== What you have to do ==
Report how many lines of the data contain the string "blind". Add nothing.

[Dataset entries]
********************

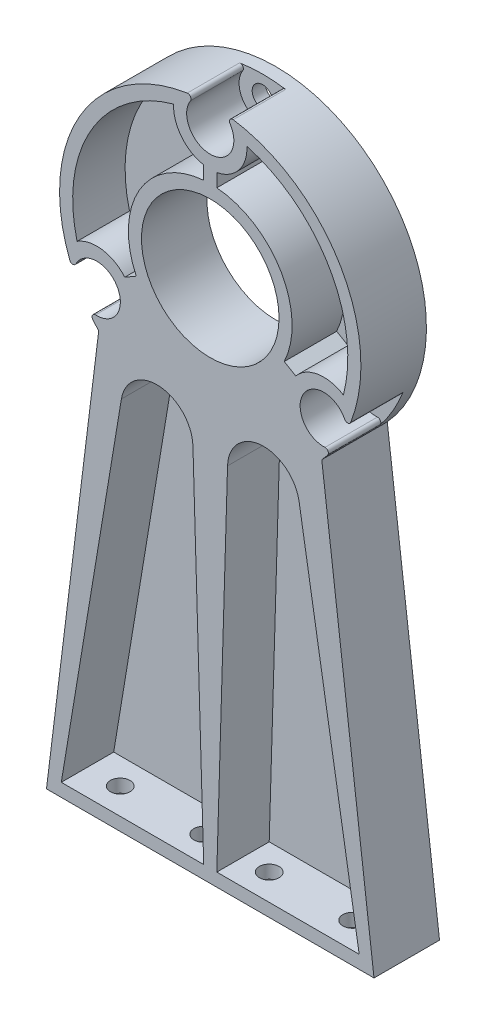
SolidWorks part; units mm, degrees
ref_plane "前视基准面" through (0, 0, 0) normal (0, 0, 1) x (1, 0, 0)
ref_plane "上视基准面" through (0, 0, 0) normal (0, 1, 0) x (1, 0, 0)
ref_plane "右视基准面" through (0, 0, 0) normal (1, 0, 0) x (0, 0, -1)
sketch "草图1" plane through (0, 0, 0) normal (0, 0, 1) x (1, 0, 0)
  line L0 (-25, 0) -> (25, 0)
  line L1 (-25, 0) -> (-14.8868, 81.8396)
  line L2 (25, 0) -> (14.8868, 81.8396)
  circle A0 centre (0, 80) radius 10.5
  arc A1 (14.8868, 81.8396) -> (-14.8868, 81.8396) centre (0, 80) ccw
  point P4 (0, 0)
  dimension "D2" = 21
  dimension "D3" = 30
  dimension "D1" = 50
  dimension "D4" = 80
extrude "凸台-拉伸1" add sketch "草图1" along normal blind 10
sketch "草图2" plane through (0, 0, 10) normal (0, 0, 1) x (1, 0, 0)
  line L0 (-13.565, 57.2626) -> (-22.7376, 2)
  line L1 (-2.6417, 56.5276) -> (-1, 2)
  line L2 (2.6417, 56.5276) -> (1, 2)
  line L3 (13.565, 57.2626) -> (22.7376, 2)
  line L4 (1, 2) -> (22.7376, 2)
  line L11 (-6.3486, 61.5624) -> (-8.1392, 56.362) construction
  line L13 (22.7376, 2) -> (12.9019, 81.5943)
  line L14 (-22.7376, 2) -> (22.7376, 2)
  line L15 (-12.9019, 81.5943) -> (-22.7376, 2)
  line L17 (-22.7376, 2) -> (-1, 2)
  line L24 (6.3486, 61.5624) -> (8.1392, 56.362) construction
  arc A7 (-15.5208, 60.4014) -> (13.111, 58.7138) centre (0, 80) ccw construction
  arc A10 (-2.6417, 56.5276) -> (-13.565, 57.2626) centre (-8.1392, 56.362) ccw
  arc A11 (13.565, 57.2626) -> (2.6417, 56.5276) centre (8.1392, 56.362) ccw
  point P0 (0, 38.9049)
  dimension "D6" = 50
  dimension "D7" = 11
  dimension "D8" = 11
  dimension "D2" = 2
extrude "切除-拉伸2" cut sketch "草图2" against normal blind 8
sketch "草图3" plane through (0, 2, 0) normal (0, 1, 0) x (1, 0, 0)
  line L0 (-1, -2) -> (-1, -10) construction
  line L2 (-22.7376, -2) -> (-1, -2) construction
  line L4 (1, -2) -> (22.7376, -2) construction
  line L5 (1, -2) -> (1, -10) construction
  circle A0 centre (-17.74, -6) radius 1.5
  circle A1 centre (-5, -6) radius 1.5
  circle A2 centre (5, -6) radius 1.5
  circle A3 centre (17.74, -6) radius 1.5
  dimension "D1" = 4
  dimension "D2" = 12.74
  dimension "D5" = 3
  dimension "D6" = 3
  dimension "D11" = 3
  dimension "D12" = 3
  dimension "D3" = 4
  dimension "D4" = 4
  dimension "D7" = 12.74
  dimension "D8" = 4
  dimension "D9" = 4
  dimension "D10" = 4
extrude "切除-拉伸3" cut sketch "草图3" against normal through all
sketch "草图4" plane through (0, 0, 10) normal (0, 0, 1) x (1, 0, 0)
  line L0 (0, 80) -> (0, 100) construction
  line L1 (0, 80) -> (17.3205, 70) construction
  line L2 (0, 80) -> (-17.3205, 70) construction
  line L3 (25, 0) -> (14.8868, 81.8396) construction
  line L4 (-14.8868, 81.8396) -> (-25, 0) construction
  line L5 (17.0251, 64.5356) -> (14.8868, 81.8396)
  line L6 (-14.8868, 81.8396) -> (-17.0251, 64.5356)
  circle A0 centre (0, 80) radius 20 construction
  circle A1 centre (0, 100) radius 1.6
  arc A2 (16.5211, 68.614) -> (16.2078, 71.1497) centre (17.3205, 70) ccw
  arc A3 (-16.2078, 71.1497) -> (-16.5211, 68.614) centre (-17.3205, 70) ccw
  arc A4 (17.0251, 64.5356) -> (-17.0251, 64.5356) centre (0, 80) ccw
  arc A5 (14.8868, 81.8396) -> (-14.8868, 81.8396) centre (0, 80) ccw construction
  arc A6 (14.8868, 81.8396) -> (-14.8868, 81.8396) centre (0, 80) ccw
  line M12 (25, 0) -> (14.8868, 81.8396)
  arc M13 (14.8868, 81.8396) -> (-14.8868, 81.8396) centre (0, 80) ccw
  line M14 (-14.8868, 81.8396) -> (-25, 0)
  dimension "D1" = 40
  dimension "D4" = 3
  dimension "D5" = 3.2
  dimension "D6" = 3.2
  dimension "D7" = 3.2
  dimension "D2" = 120
  dimension "D3" = 120
extrude "凸台-拉伸3" add sketch "草图4" against normal blind 10 contours A4 A3 A2 A1 M12 M14 M13
sketch "草图5" plane through (0, 0, 10) normal (0, 0, 1) x (1, 0, 0)
  circle A0 centre (-17.3205, 70) radius 1.6
  circle A1 centre (17.3205, 70) radius 1.6
extrude "切除-拉伸4" cut sketch "草图5" against normal blind 10
sketch "草图6" plane through (0, 0, 10) normal (0, 0, 1) x (1, 0, 0)
  line L1 (11.2906, 74.6361) -> (13.0487, 73.621)
  line L9 (1, 92.4599) -> (1, 94.49)
  line L11 (-1, 92.4599) -> (-1, 94.49)
  line L18 (-11.2906, 74.6361) -> (-13.0487, 73.621)
  circle A0 centre (0, 100) radius 5.6 construction
  arc A1 (-5.5948, 100.241) -> (-20.3266, 74.7247) centre (0, 80) ccw
  arc A2 (1, 94.49) -> (5.5948, 100.241) centre (0, 100) ccw
  circle A3 centre (17.3205, 70) radius 5.6 construction
  arc A4 (11.2906, 74.6361) -> (1, 92.4599) centre (0, 80) ccw
  arc A5 (20.3266, 74.7247) -> (5.5948, 100.241) centre (0, 80) ccw
  circle A6 centre (-17.3205, 70) radius 5.6 construction
  circle A8 centre (0, 80) radius 12.5
  arc A9 (-1, 92.4599) -> (-11.2906, 74.6361) centre (0, 80) ccw
  circle A17 centre (-17.3205, 70) radius 3.6
  circle A18 centre (-17.3205, 70) radius 3.6
  circle A20 centre (17.3205, 70) radius 3.6
  circle A21 centre (17.3205, 70) radius 3.6
  arc A22 (-5.5948, 100.241) -> (-1, 94.49) centre (0, 100) ccw
  circle A23 centre (0, 100) radius 3.6
  circle A24 centre (0, 100) radius 3.6
  arc A25 (-13.0487, 73.621) -> (-20.3266, 74.7247) centre (-17.3205, 70) ccw
  arc A26 (20.3266, 74.7247) -> (13.0487, 73.621) centre (17.3205, 70) ccw
  dimension "D1" = 2
  dimension "D3" = 2
  dimension "D4" = 2
  dimension "D5" = 2
  dimension "D6" = 2
  dimension "D7" = 2
  dimension "D8" = 2
extrude "切除-拉伸5" cut sketch "草图6" against normal blind 8
fillet "圆角1" radius 0.5 6 edges at (20.8987, 70.3956, 6) (18.767, 66.7034, 6) (-18.767, 66.7034, 6) (-20.8987, 70.3956, 6) (-2.1317, 102.901, 6) (2.1317, 102.901, 6)

********************

== Answer section ==
5